It is a well-known identity that $$\binom{n}{0}^2+\binom{n}{1}^2+\cdots+\binom{n}{n}^2=\binom{2n}{n}.$$
By symmetry of the binomial coefficients, this means the ratio $$\dfrac{\binom{2n}{n}}{\binom{n}{0}^2+\binom{n}{1}^2+\cdots+\binom{n}{n/2}^2}$$ is approximately $2$.

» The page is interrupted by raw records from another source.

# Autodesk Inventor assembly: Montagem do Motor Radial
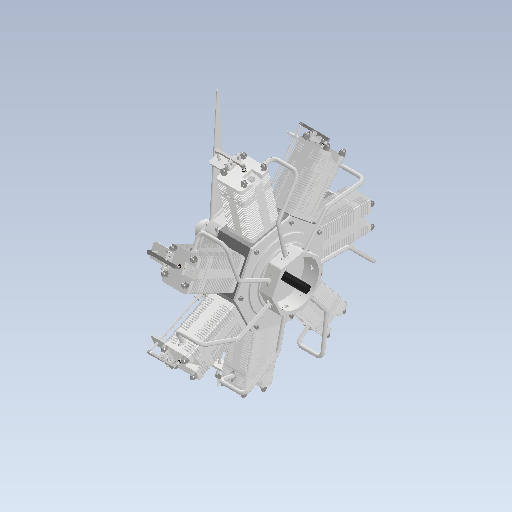
[picture p0: Inventor's stored thumbnail of the model, 512x512]
Saved by Autodesk Inventor 2021 (Build 250183000, 183)
## iProperties
Category: 1
Created: 2021-07-26
Document SubType Name: Assembly
Designer: Giovanni
Checked By: Prof. Luis
User Status: 1:15
Author: Giovanni Rodrigues Dias
Title: Montagem do Motor Radial
Keywords: 1
## Documents named in this file (34)
- C:\Users\irineu\Documents\Inventor\MotorRadial7\MontagemFinal2.iam
- C:\Users\irineu\Documents\Inventor\MotorRadial7\Peça4.ipt
- C:\Users\irineu\Documents\Inventor\Content Center Files\R2021\pt-BR\DIN BEARING(1)\DIN 625 SKF - SKF 6008.ipt
- C:\Users\irineu\Documents\Inventor\MotorRadial7\Conjunto_Virabrequim.iam
- C:\Users\irineu\Documents\Inventor\MotorRadial7\BielaMestraEquipada.iam
- C:\Users\irineu\Documents\Inventor\MotorRadial7\PistaoEquipado.iam
- C:\Users\irineu\Documents\Inventor\MotorRadial7\BielaArticuladaEquipada.iam
- C:\Users\irineu\Documents\Inventor\MotorRadial7\Pino de Ligação.ipt
- C:\Users\irineu\Documents\Inventor\MotorRadial7\Peça38.ipt
- C:\Users\irineu\Documents\Inventor\MotorRadial7\Peça6.ipt
- C:\Users\irineu\Documents\Inventor\MotorRadial7\Peça34.ipt
- C:\Users\irineu\Documents\Inventor\MotorRadial7\Superior do cilindro 2.iam
- C:\Users\irineu\Documents\Inventor\Content Center Files\R2021\pt-BR\DIN 1587\DIN 1587 - M16 x 2.ipt
- C:\Users\irineu\Documents\Inventor\MotorRadial7\Peça42.ipt
- C:\Users\irineu\Documents\Inventor\MotorRadial7\Peça20.3.ipt
- C:\Users\irineu\Documents\Inventor\Content Center Files\R2021\pt-BR\DIN 6885-1 A\DIN 6885 - A 12 x 8 x 32.ipt
- C:\Users\irineu\Documents\Inventor\MotorRadial7\Engrenagens.iam
- C:\Users\irineu\Documents\Inventor\MotorRadial7\Peça41.ipt
- C:\Users\irineu\Documents\Inventor\Content Center Files\R2021\pt-BR\DIN 912\DIN 912 - M4 x 0,7 x 10 x 8,25.ipt
- C:\Users\irineu\Documents\Inventor\MotorRadial7\Engrenagens 2.iam
- C:\Users\irineu\Documents\Inventor\MotorRadial7\Peça43.ipt
- C:\Users\irineu\Documents\Inventor\Content Center Files\R2021\pt-BR\DIN 471(2)\DIN 471 - 20 x 1,2(1).ipt
- C:\Users\irineu\Documents\Inventor\MotorRadial7\Peça44.ipt
- C:\Users\irineu\Documents\Inventor\MotorRadial7\Conjunto de Came.iam
- C:\Users\irineu\Documents\Inventor\Content Center Files\R2021\pt-BR\DIN 6885-1 A\DIN 6885 - A 12 x 8 x 45.ipt
- C:\Users\irineu\Documents\Inventor\MotorRadial7\Peça35.ipt
- C:\Users\irineu\Documents\Inventor\Content Center Files\R2021\pt-BR\DIN 471(2)\DIN 471 - 40 x 1,75(1).ipt
- C:\Users\irineu\Documents\Inventor\MotorRadial7\Peça36.ipt
- C:\Users\irineu\Documents\Inventor\MotorRadial7\Peça37.ipt
- C:\Users\irineu\Documents\Inventor\MotorRadial7\Conexão2.iam
- C:\Users\irineu\Documents\Inventor\MotorRadial7\Peça33.ipt
- C:\Users\irineu\Documents\Inventor\MotorRadial7\Tubo auxiliar 2.iam
- C:\Users\irineu\Documents\Inventor\Content Center Files\R2021\pt-BR\DIN 912\DIN 912 - M12 x 1,75 x 25 x 20,625.ipt
- C:\Users\irineu\Documents\Inventor\Content Center Files\R2021\pt-BR\DIN 912\DIN 912 - M8 x 1,25 x 20 x 16,875.ipt
## Components (184 placed, 33 different names)
1. Peça4:1 — Alinhado:1, Alinhado:2, Alinhado:3, Inserir:1, Coincidente:2, Coincidente:4, Coincidente:6, Coincidente:8, Coincidente:10, Coincidente:12, Coincidente:14, Inserir:16, Inserir:17, Ângulo:2, Inserir:22, Ângulo:5, Inserir:46, Alinhado:6
2. DIN 625 SKF SKF 6008:1 — Inserir:1, Inserir:2, Inserir:21
3. Conjunto_Virabrequim:1 [sub-assembly] — Inserir:2, Inserir:3, Ângulo:1, Inserir:23, Coincidente:15, Inserir:33, Coincidente:22, Inserir:35, Inserir:36, Coincidente:24, Alinhado:5, Inserir:45
4. BielaMestraEquipada:1 [sub-assembly] — Inserir:3, Coincidente:1, Inserir:4, Inserir:5, Inserir:6, Inserir:7, Inserir:8, Inserir:9, Inserir:10, Inserir:11, Inserir:12, Inserir:13, Inserir:14, Inserir:15
5. PistaoEquipado:1 [sub-assembly] — Coincidente:1, Coincidente:2
6. PistaoEquipado:2 [sub-assembly] — Coincidente:3, Coincidente:4
7. PistaoEquipado:3 [sub-assembly] — Coincidente:5, Coincidente:6
8. PistaoEquipado:4 [sub-assembly] — Coincidente:7, Coincidente:8
9. PistaoEquipado:5 [sub-assembly] — Coincidente:9, Coincidente:10
10. PistaoEquipado:6 [sub-assembly] — Coincidente:11, Coincidente:12
11. PistaoEquipado:7 [sub-assembly] — Coincidente:13, Coincidente:14
12. BielaArticuladaEquipada:1 [sub-assembly] — Inserir:4, Coincidente:3
13. BielaArticuladaEquipada:2 [sub-assembly] — Inserir:6, Coincidente:5
14. BielaArticuladaEquipada:3 [sub-assembly] — Inserir:7, Coincidente:7
15. BielaArticuladaEquipada:4 [sub-assembly] — Inserir:8, Coincidente:9
16. BielaArticuladaEquipada:5 [sub-assembly] — Inserir:9, Coincidente:11
17. BielaArticuladaEquipada:6 [sub-assembly] — Inserir:10, Coincidente:13
18. Pino_de_Ligação1:1 — Inserir:5
19. Pino_de_Ligação1:2 — Inserir:12
20. Pino_de_Ligação1:3 — Inserir:13
21. Pino_de_Ligação1:4 — Inserir:14
22. Pino_de_Ligação1:5 — Inserir:11
23. Pino_de_Ligação1:6 — Inserir:15
24. Peça42:1 — Inserir:21, Inserir:24
25. Peça20.3:1 — Inserir:22, Ângulo:5, Inserir:25, Coincidente:17, Coincidente:18, Inserir:34, Coincidente:23, Inserir:38, Inserir:39, Inserir:40, Inserir:41, Inserir:42, Inserir:43, Inserir:44, Inserir:57
26. DIN 6885-1 A A 12 x 8 x 32:1 — Inserir:23, Coincidente:15
27. Engrenagens:1 [sub-assembly] — Inserir:24, Rotação:1, Coincidente:19, Inserir:30
28. Peça41:1 — Inserir:25, Coincidente:17, Coincidente:18, Inserir:26, Inserir:27, Inserir:29
29. Engrenagens 2:1 [sub-assembly] — Inserir:27, Rotação:1, Coincidente:19, Inserir:28, Coincidente:20, Coincidente:21, Rotação:2
30. Peça43:1 — Inserir:28
31. DIN 471 > 9mm <= 300mm 20 x 1,2:1 — Inserir:29, Coincidente:20
32. Peça44:1 — Inserir:30, Inserir:31
33. Conjunto de Came:1 [sub-assembly] — Inserir:31, Coincidente:21, Rotação:2
34. DIN 6885-1 A A 12 x 8 x 45:1 — Inserir:33, Coincidente:22
35. Peça35:1 — Inserir:34, Coincidente:23, Inserir:58
36. DIN 471 > 9mm <= 300mm 40 x 1,75:1 — Inserir:35
37. Peça36:1 — Inserir:36, Coincidente:24, Inserir:37
38. Peça37:1 — Inserir:37, Alinhado:5
39. Conexão2:1 [sub-assembly] — Inserir:38, Ângulo:6
40. Conexão2:2 [sub-assembly] — Inserir:39, Ângulo:7
41. Conexão2:3 [sub-assembly] — Inserir:40, Ângulo:8
42. Conexão2:4 [sub-assembly] — Inserir:41, Ângulo:9
43. Conexão2:5 [sub-assembly] — Inserir:42, Ângulo:10
44. Conexão2:6 [sub-assembly] — Inserir:43, Ângulo:11
45. Conexão2:7 [sub-assembly] — Inserir:44, Ângulo:12
46. DIN 625 SKF SKF 6008:2 — Inserir:45
47. Peça33:1 — Inserir:46, Alinhado:6, Inserir:56
48. Peça6:1 — Inserir:17, Ângulo:2, Inserir:18, Alinhado:4, Ângulo:4
49. Peça34:1 — Inserir:18, Alinhado:4, Inserir:19
50. Superior do cilindro 2:1 [sub-assembly] — Inserir:19, Inserir:20, Ângulo:3, Ângulo:4, Ângulo:11
51. Peça6:2
52. Peça34:2
53. Superior do cilindro 2:2 [sub-assembly] — Ângulo:12
54. Peça6:3
55. Peça34:3
56. Superior do cilindro 2:3 [sub-assembly] — Ângulo:6, Inserir:59, Coincidente:25
57. Peça6:4
58. Peça34:4
59. Superior do cilindro 2:4 [sub-assembly] — Ângulo:7
60. Peça6:5
61. Peça34:5
62. Superior do cilindro 2:5 [sub-assembly] — Ângulo:8
63. Peça6:6
64. Peça34:6
65. Superior do cilindro 2:6 [sub-assembly] — Ângulo:9
66. Peça6:7
67. Peça34:7
68. Superior do cilindro 2:7 [sub-assembly] — Ângulo:10
69. DIN 912 - substituído por DIN EN ISO 4762 M4 x 10:1 — Inserir:26
70. DIN 912 - substituído por DIN EN ISO 4762 M4 x 10:2
71. DIN 912 - substituído por DIN EN ISO 4762 M4 x 10:3
72. DIN 912 - substituído por DIN EN ISO 4762 M4 x 10:4
73. DIN 912 - substituído por DIN EN ISO 4762 M12 x 25:1 — Inserir:56
74. DIN 912 - substituído por DIN EN ISO 4762 M12 x 25:2 — Inserir:57
75. DIN 912 - substituído por DIN EN ISO 4762 M12 x 25:3
76. DIN 912 - substituído por DIN EN ISO 4762 M12 x 25:4
77. DIN 912 - substituído por DIN EN ISO 4762 M12 x 25:5
78. DIN 912 - substituído por DIN EN ISO 4762 M12 x 25:6
79. DIN 912 - substituído por DIN EN ISO 4762 M12 x 25:7
80. DIN 912 - substituído por DIN EN ISO 4762 M12 x 25:8
81. DIN 912 - substituído por DIN EN ISO 4762 M12 x 25:9
82. DIN 912 - substituído por DIN EN ISO 4762 M12 x 25:10
83. DIN 912 - substituído por DIN EN ISO 4762 M12 x 25:11
84. DIN 912 - substituído por DIN EN ISO 4762 M12 x 25:12
85. DIN 912 - substituído por DIN EN ISO 4762 M12 x 25:13
86. DIN 912 - substituído por DIN EN ISO 4762 M12 x 25:14
87. DIN 912 - substituído por DIN EN ISO 4762 M8 x 20:1 — Inserir:58
88. DIN 912 - substituído por DIN EN ISO 4762 M8 x 20:2
89. DIN 912 - substituído por DIN EN ISO 4762 M8 x 20:3
90. DIN 912 - substituído por DIN EN ISO 4762 M8 x 20:4
91. DIN 912 - substituído por DIN EN ISO 4762 M8 x 20:5
92. DIN 912 - substituído por DIN EN ISO 4762 M8 x 20:6
93. DIN 912 - substituído por DIN EN ISO 4762 M8 x 20:7
94. Tubo auxiliar 2:1 [sub-assembly] — Inserir:59, Coincidente:25, Inserir:60, Inserir:61, Inserir:62, Inserir:63
95. DIN 912 - substituído por DIN EN ISO 4762 M4 x 10:11 — Inserir:63
96. DIN 912 - substituído por DIN EN ISO 4762 M4 x 10:12 — Inserir:62
97. DIN 912 - substituído por DIN EN ISO 4762 M4 x 10:13 — Inserir:61
98. DIN 912 - substituído por DIN EN ISO 4762 M4 x 10:14 — Inserir:60
99. Tubo auxiliar 2:2 [sub-assembly]
100. DIN 912 - substituído por DIN EN ISO 4762 M4 x 10:15
101. DIN 912 - substituído por DIN EN ISO 4762 M4 x 10:16
102. DIN 912 - substituído por DIN EN ISO 4762 M4 x 10:17
103. DIN 912 - substituído por DIN EN ISO 4762 M4 x 10:18
104. Tubo auxiliar 2:3 [sub-assembly]
105. DIN 912 - substituído por DIN EN ISO 4762 M4 x 10:19
106. DIN 912 - substituído por DIN EN ISO 4762 M4 x 10:20
107. DIN 912 - substituído por DIN EN ISO 4762 M4 x 10:21
108. DIN 912 - substituído por DIN EN ISO 4762 M4 x 10:22
109. Tubo auxiliar 2:4 [sub-assembly]
110. DIN 912 - substituído por DIN EN ISO 4762 M4 x 10:23
111. DIN 912 - substituído por DIN EN ISO 4762 M4 x 10:24
112. DIN 912 - substituído por DIN EN ISO 4762 M4 x 10:25
113. DIN 912 - substituído por DIN EN ISO 4762 M4 x 10:26
114. Tubo auxiliar 2:5 [sub-assembly]
115. DIN 912 - substituído por DIN EN ISO 4762 M4 x 10:27
116. DIN 912 - substituído por DIN EN ISO 4762 M4 x 10:28
117. DIN 912 - substituído por DIN EN ISO 4762 M4 x 10:29
118. DIN 912 - substituído por DIN EN ISO 4762 M4 x 10:30
119. Tubo auxiliar 2:6 [sub-assembly]
120. DIN 912 - substituído por DIN EN ISO 4762 M4 x 10:31
121. DIN 912 - substituído por DIN EN ISO 4762 M4 x 10:32
122. DIN 912 - substituído por DIN EN ISO 4762 M4 x 10:33
123. DIN 912 - substituído por DIN EN ISO 4762 M4 x 10:34
124. Tubo auxiliar 2:7 [sub-assembly]
125. DIN 912 - substituído por DIN EN ISO 4762 M4 x 10:35
126. DIN 912 - substituído por DIN EN ISO 4762 M4 x 10:36
127. DIN 912 - substituído por DIN EN ISO 4762 M4 x 10:37
128. DIN 912 - substituído por DIN EN ISO 4762 M4 x 10:38
129. Peça38:1 — Inserir:16
130. DIN 1587 M16:1 — Inserir:20, Ângulo:3
131. Peça38:2
132. DIN 1587 M16:2
133. Peça38:3
134. DIN 1587 M16:3
135. Peça38:4
136. DIN 1587 M16:4
137. Peça38:5
138. DIN 1587 M16:5
139. Peça38:6
140. DIN 1587 M16:6
141. Peça38:7
142. DIN 1587 M16:7
143. Peça38:8
144. DIN 1587 M16:8
145. Peça38:9
146. DIN 1587 M16:9
147. Peça38:10
148. DIN 1587 M16:10
149. Peça38:11
150. DIN 1587 M16:11
151. Peça38:12
152. DIN 1587 M16:12
153. Peça38:13
154. DIN 1587 M16:13
155. Peça38:14
156. DIN 1587 M16:14
157. Peça38:15
158. DIN 1587 M16:15
159. Peça38:16
160. DIN 1587 M16:16
161. Peça38:17
162. DIN 1587 M16:17
163. Peça38:18
164. DIN 1587 M16:18
165. Peça38:19
166. DIN 1587 M16:19
167. Peça38:20
168. DIN 1587 M16:20
169. Peça38:21
170. DIN 1587 M16:21
171. Peça38:22
172. DIN 1587 M16:22
173. Peça38:23
174. DIN 1587 M16:23
175. Peça38:24
176. DIN 1587 M16:24
177. Peça38:25
178. DIN 1587 M16:25
179. Peça38:26
180. DIN 1587 M16:26
181. Peça38:27
182. DIN 1587 M16:27
183. Peça38:28
184. DIN 1587 M16:28
## Component patterns: (7 elements, first: Peça6:1 + Peça34:1 + Superior do cilindro 2:1), (4 elements, first: DIN 912 - substituído por DIN EN ISO 4762 M4 x 10:1), (7 elements, first: DIN 912 - substituído por DIN EN ISO 4762 M12 x 25:1 + DIN 912 - substituído por DIN EN ISO 4762 M12 x 25:2), (7 elements, first: DIN 912 - substituído por DIN EN ISO 4762 M8 x 20:1), (7 elements, first: Tubo auxiliar 2:1 + DIN 912 - substituído por DIN EN ISO 4762 M4 x 10:11 + DIN 912 - substituído por DIN EN ISO 4762 M4 x 10:12 + DIN 912 - substituído por DIN EN ISO 4762 M4 x 10:13 + DIN 912 - substituído por DIN EN ISO 4762 M4 x 10:14), (4 elements, first: Peça38:1 + DIN 1587 M16:1), Componente de padrão 1:2 (4 elements), Componente de padrão 1:3 (4 elements), Componente de padrão 1:4 (4 elements), Componente de padrão 1:5 (4 elements), Componente de padrão 1:6 (4 elements), Componente de padrão 1:7 (4 elements)
## Relationships (97: Insert 53, Mate 24, Angle 12, Flush 6, RelateRotation 2)
- Alinhado:1 [Flush]: Peça4:1
- Alinhado:2 [Flush]: Peça4:1
- Alinhado:3 [Flush]: Peça4:1
- Inserir:1: Peça4:1 ↔ DIN 625 SKF SKF 6008:1
- Inserir:2: DIN 625 SKF SKF 6008:1 ↔ Conjunto_Virabrequim:1
- Inserir:3: Conjunto_Virabrequim:1 ↔ BielaMestraEquipada:1
- Coincidente:1 [Mate]: BielaMestraEquipada:1 ↔ PistaoEquipado:1
- Coincidente:2 [Mate]: Peça4:1 ↔ PistaoEquipado:1
- Inserir:4: BielaMestraEquipada:1 ↔ BielaArticuladaEquipada:1
- Coincidente:3 [Mate]: PistaoEquipado:2 ↔ BielaArticuladaEquipada:1
- Coincidente:4 [Mate]: Peça4:1 ↔ PistaoEquipado:2
- Inserir:5: BielaMestraEquipada:1 ↔ Pino_de_Ligação1:1
- Inserir:6: BielaMestraEquipada:1 ↔ BielaArticuladaEquipada:2
- Inserir:7: BielaMestraEquipada:1 ↔ BielaArticuladaEquipada:3
- Inserir:8: BielaMestraEquipada:1 ↔ BielaArticuladaEquipada:4
- Ângulo:1 [Angle] (0 deg): Conjunto_Virabrequim:1
- Inserir:9: BielaMestraEquipada:1 ↔ BielaArticuladaEquipada:5
- Inserir:10: BielaMestraEquipada:1 ↔ BielaArticuladaEquipada:6
- Inserir:11: BielaMestraEquipada:1 ↔ Pino_de_Ligação1:5
- Inserir:12: BielaMestraEquipada:1 ↔ Pino_de_Ligação1:2
- Inserir:13: BielaMestraEquipada:1 ↔ Pino_de_Ligação1:3
- Inserir:14: BielaMestraEquipada:1 ↔ Pino_de_Ligação1:4
- Inserir:15: BielaMestraEquipada:1 ↔ Pino_de_Ligação1:6
- Coincidente:5 [Mate]: PistaoEquipado:3 ↔ BielaArticuladaEquipada:2
- Coincidente:6 [Mate]: Peça4:1 ↔ PistaoEquipado:3
- Coincidente:7 [Mate]: PistaoEquipado:4 ↔ BielaArticuladaEquipada:3
- Coincidente:8 [Mate]: Peça4:1 ↔ PistaoEquipado:4
- Coincidente:9 [Mate]: PistaoEquipado:5 ↔ BielaArticuladaEquipada:4
- Coincidente:10 [Mate]: Peça4:1 ↔ PistaoEquipado:5
- Coincidente:11 [Mate]: PistaoEquipado:6 ↔ BielaArticuladaEquipada:5
- Coincidente:12 [Mate]: Peça4:1 ↔ PistaoEquipado:6
- Coincidente:13 [Mate]: PistaoEquipado:7 ↔ BielaArticuladaEquipada:6
- Coincidente:14 [Mate]: Peça4:1 ↔ PistaoEquipado:7
- Inserir:16: Peça4:1 ↔ Peça38:1
- Inserir:17: Peça4:1 ↔ Peça6:1
- Ângulo:2 [Angle] (0 deg): Peça4:1 ↔ Peça6:1
- Inserir:18: Peça6:1 ↔ Peça34:1
- Alinhado:4 [Flush]: Peça6:1 ↔ Peça34:1
- Inserir:19: Peça34:1 ↔ Superior do cilindro 2:1
- Inserir:20: Superior do cilindro 2:1 ↔ DIN 1587 M16:1
- Ângulo:3 [Angle] (0 deg): Superior do cilindro 2:1 ↔ DIN 1587 M16:1
- Ângulo:4 [Angle] (0 deg): Peça6:1 ↔ Superior do cilindro 2:1
- Inserir:21: DIN 625 SKF SKF 6008:1 ↔ Peça42:1
- Inserir:22: Peça4:1 ↔ Peça20.3:1
- Ângulo:5 [Angle] (0 deg): Peça4:1 ↔ Peça20.3:1
- Inserir:23: Conjunto_Virabrequim:1 ↔ DIN 6885-1 A A 12 x 8 x 32:1
- Coincidente:15 [Mate]: Conjunto_Virabrequim:1 ↔ DIN 6885-1 A A 12 x 8 x 32:1
- Inserir:24: Peça42:1 ↔ Engrenagens:1
- Inserir:25: Peça20.3:1 ↔ Peça41:1
- Coincidente:17 [Mate]: Peça20.3:1 ↔ Peça41:1
- Coincidente:18 [Mate]: Peça20.3:1 ↔ Peça41:1
- Inserir:26: Peça41:1 ↔ DIN 912 - substituído por DIN EN ISO 4762 M4 x 10:1
- Inserir:27: Peça41:1 ↔ Engrenagens 2:1
- Rotação:1 [RelateRotation] (1.56 ul): Engrenagens:1 ↔ Engrenagens 2:1
- Coincidente:19 [Mate]: Engrenagens:1 ↔ Engrenagens 2:1
- Inserir:28: Engrenagens 2:1 ↔ Peça43:1
- Inserir:29: Peça41:1 ↔ DIN 471 > 9mm <= 300mm 20 x 1,2:1
- Coincidente:20 [Mate]: Engrenagens 2:1 ↔ DIN 471 > 9mm <= 300mm 20 x 1,2:1
- Inserir:30: Engrenagens:1 ↔ Peça44:1
- Inserir:31: Peça44:1 ↔ Conjunto de Came:1
- Coincidente:21 [Mate]: Engrenagens 2:1 ↔ Conjunto de Came:1
- Rotação:2 [RelateRotation] (0.2809 ul): Engrenagens 2:1 ↔ Conjunto de Came:1
- Inserir:33: Conjunto_Virabrequim:1 ↔ DIN 6885-1 A A 12 x 8 x 45:1
- Coincidente:22 [Mate]: Conjunto_Virabrequim:1 ↔ DIN 6885-1 A A 12 x 8 x 45:1
- Inserir:34: Peça20.3:1 ↔ Peça35:1
- Coincidente:23 [Mate]: Peça20.3:1 ↔ Peça35:1
- Inserir:35: Conjunto_Virabrequim:1 ↔ DIN 471 > 9mm <= 300mm 40 x 1,75:1
- Inserir:36: Conjunto_Virabrequim:1 ↔ Peça36:1
- Coincidente:24 [Mate]: Conjunto_Virabrequim:1 ↔ Peça36:1
- Inserir:37: Peça36:1 ↔ Peça37:1
- Alinhado:5 [Flush]: Conjunto_Virabrequim:1 ↔ Peça37:1
- Inserir:38: Peça20.3:1 ↔ Conexão2:1
- Ângulo:6 [Angle] (180 deg): Conexão2:1 ↔ Superior do cilindro 2:3
- Inserir:39: Peça20.3:1 ↔ Conexão2:2
- Ângulo:7 [Angle] (180 deg): Conexão2:2 ↔ Superior do cilindro 2:4
- Inserir:40: Peça20.3:1 ↔ Conexão2:3
- Ângulo:8 [Angle] (180 deg): Conexão2:3 ↔ Superior do cilindro 2:5
- Inserir:41: Peça20.3:1 ↔ Conexão2:4
- Ângulo:9 [Angle] (180 deg): Conexão2:4 ↔ Superior do cilindro 2:6
- Inserir:42: Peça20.3:1 ↔ Conexão2:5
- Ângulo:10 [Angle] (180 deg): Conexão2:5 ↔ Superior do cilindro 2:7
- Inserir:43: Peça20.3:1 ↔ Conexão2:6
- Ângulo:11 [Angle] (180 deg): Conexão2:6 ↔ Superior do cilindro 2:1
- Inserir:44: Peça20.3:1 ↔ Conexão2:7
- Ângulo:12 [Angle] (180 deg): Conexão2:7 ↔ Superior do cilindro 2:2
- Inserir:45: Conjunto_Virabrequim:1 ↔ DIN 625 SKF SKF 6008:2
- Inserir:46: Peça4:1 ↔ Peça33:1
- Alinhado:6 [Flush]: Peça4:1 ↔ Peça33:1
- Inserir:56: Peça33:1 ↔ DIN 912 - substituído por DIN EN ISO 4762 M12 x 25:1
- Inserir:57: Peça20.3:1 ↔ DIN 912 - substituído por DIN EN ISO 4762 M12 x 25:2
- Inserir:58: Peça35:1 ↔ DIN 912 - substituído por DIN EN ISO 4762 M8 x 20:1
- Inserir:59: Superior do cilindro 2:3 ↔ Tubo auxiliar 2:1
- Coincidente:25 [Mate]: Superior do cilindro 2:3 ↔ Tubo auxiliar 2:1
- Inserir:60: Tubo auxiliar 2:1 ↔ DIN 912 - substituído por DIN EN ISO 4762 M4 x 10:14
- Inserir:61: Tubo auxiliar 2:1 ↔ DIN 912 - substituído por DIN EN ISO 4762 M4 x 10:13
- Inserir:62: Tubo auxiliar 2:1 ↔ DIN 912 - substituído por DIN EN ISO 4762 M4 x 10:12
- Inserir:63: Tubo auxiliar 2:1 ↔ DIN 912 - substituído por DIN EN ISO 4762 M4 x 10:11

What about if we take only the first half of the term in the denominator? How fast does the ratio $$\dfrac{\binom{2n}{n}}{\binom{n}{0}^2+\binom{n}{1}^2+\cdots+\binom{n}{n/4}^2}$$ grow, as $n\rightarrow\infty$?
In the sum $${\binom{n}{n/4}^2+\binom{n}{n/4-1}^2+\cdots+\binom{n}{0}^2}$$ the ratio of one term to the next is initially approximately $9$, and increases thereafter. However, it stays between $9$ and $9 + \varepsilon$ for an arbitrarily long time as $n$ gets larger.
Thus the expression is equivalent to $\binom{n}{n/4}^2(1 + 1/9 + 1/81 + \dots) = (9/8)\binom{n}{n/4}^2$ for large $n$.
By Stirling's formula then, the ratio in your problem is equivalent to $\frac{1}{3}\sqrt{\pi n} \left(\frac{3\sqrt{3}}{4}\right)^n$.